Saturday 11 June 2016

Why 'Leave' are winning

If you had asked me 6 months ago what the outcome of the EU referendum would be, I would have ventured an unambiguous answer: 'Britain will vote to remain in the European Union'. How wrong this answer would look today. The latest poll puts the Leave camp 10 points ahead of Remain.

Whether or not you believe the polls, everyone agrees on one thing: it's going to be close. Very close indeed. And it shouldn't be. So how did we get here?

There is now a consensus that the gravest threat to a Remain vote is the rapid decline of Labour in its heartlands. The Guardian and the BBC recently travelled into these areas where deprivation, long term unemployment and general hopelessness have dominated the political landscape since the 1980s. South Wales is a good example. Asked why they support Leave, the answers come thick and fast. And they are all of one kind: immigration. Whilst there used to be hesitation to discuss this issue, covered by the thin veil of British politeness, now people openly voice xenophobic and at times even racist prejudices.

Their opinions are peppered with flagrant falsehoods such as: 'immigrants get a grand in cash when they get here' or 'they get free housing', or 'most of them scrounge on benefits'. But the tenor is remarkably similar. The message is simple, straightforward and repeated up and down the country. And it is one that comes from one source alone: UKIP.

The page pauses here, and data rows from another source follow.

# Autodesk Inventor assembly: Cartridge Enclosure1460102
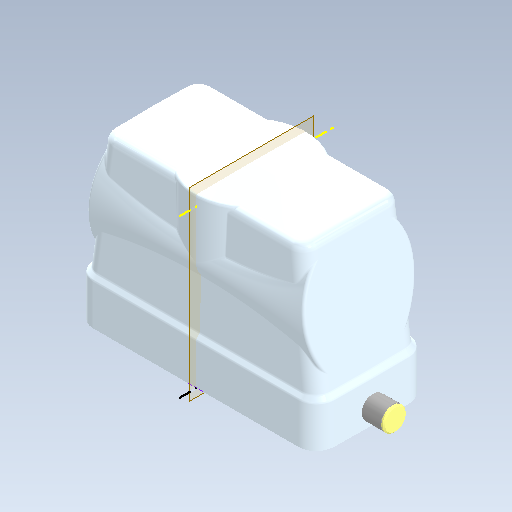
[picture p0: Inventor's stored thumbnail of the model, 512x512]
Saved by Autodesk Inventor 2021 (Build 250183000, 183)
## iProperties
Created: 2012-08-01
Part Number: Cartridge Enclosure1460102
Description: SolidDesigner STEP Export
Document SubType Name: Assembly
Designer: jgray
Title: 1460102.stp
## Documents named in this file (2)
- M:\Printed Electronics\Gas Sensors\Prototypes\Prototype II - Cartridge Reader\Full Cart Interface V3 28-5-20\Workspaces\Workspace\Workspaces\Workspace\Externally supplied Parts\Cart Enclosure\Cartridge Enclosure1460102.iam
- M:\Printed Electronics\Gas Sensors\Prototypes\Prototype II - Cartridge Reader\Full Cart Interface V3 28-5-20\Workspaces\Workspace\Workspaces\Workspace\Externally supplied Parts\Cart Enclosure\Cartridge Enclosure1460102.ipt
## Components (1 placed, 1 different names)
1. 1 — Mate:1, Mate:2, Mate:3
## Relationships (3: Mate 3)
- Mate:1: 1
- Mate:2: 1
- Mate:3: 1

Neil Hamilton, of 'cash for question' fame, now sits in the Welsh Assembly for UKIP
Foto: WENN

Although the Labour Party does not want to hear it, its voters are abandoning Labour in droves. More and more Labour supporters have moved to the far right, taking the electoral fortunes of their party with them into an abyss of xenophobia and narrow-mindedness.

Why did this happen? And why now? There are essentially two reasons for this. The first is that UKIP has gone unchallenged for decades when it peddled its falsehoods and distortions about foreigners and migrants in the UK. The Conservatives felt largely insulated from the UKIP threat due to the first-past-the-post electoral system. And the Labour Party thought the UKIP message to run counter to the ideals of solidarity and mutual support that defined the party in the post-war period. So no one thought it worthwhile spending political capital on challenging the UKIP narrative (with the valiant exception of Nick Clegg, anyone remember him?).

The referendum changed this drastically. It gave Farage and his minions a national stage to articulate publicly the simple message that had already sunk into the nation's (sub)consciousness: It's the migrants' fault.

The second reason is of tactical nature. The Leave campaign settled early on a simple message and managed to define the terms of the debate: control, sovereignty, immigration. It shaped the content and nature of the terms by positively associating false choices like 'control' versus 'Brussels' with democracy. There are too many ironies in this to list them all here, ranging from the claim that the British political system is a beacon of democracy (House of Lords anyone?) to ignoring role the EU has played in democratising large swathe of the post-communist and post-Franco landscape since 1975.

Defining the terms of engagement is the key ingredient for political success and the Leave campaign understood this well. Once the campaign started Brexiters could rely on a solid foundation of animosity towards others, xenophobia and outright racism that was put in place long time ago by UKIP. All they had to do is to bring in their harvest of division and resentment.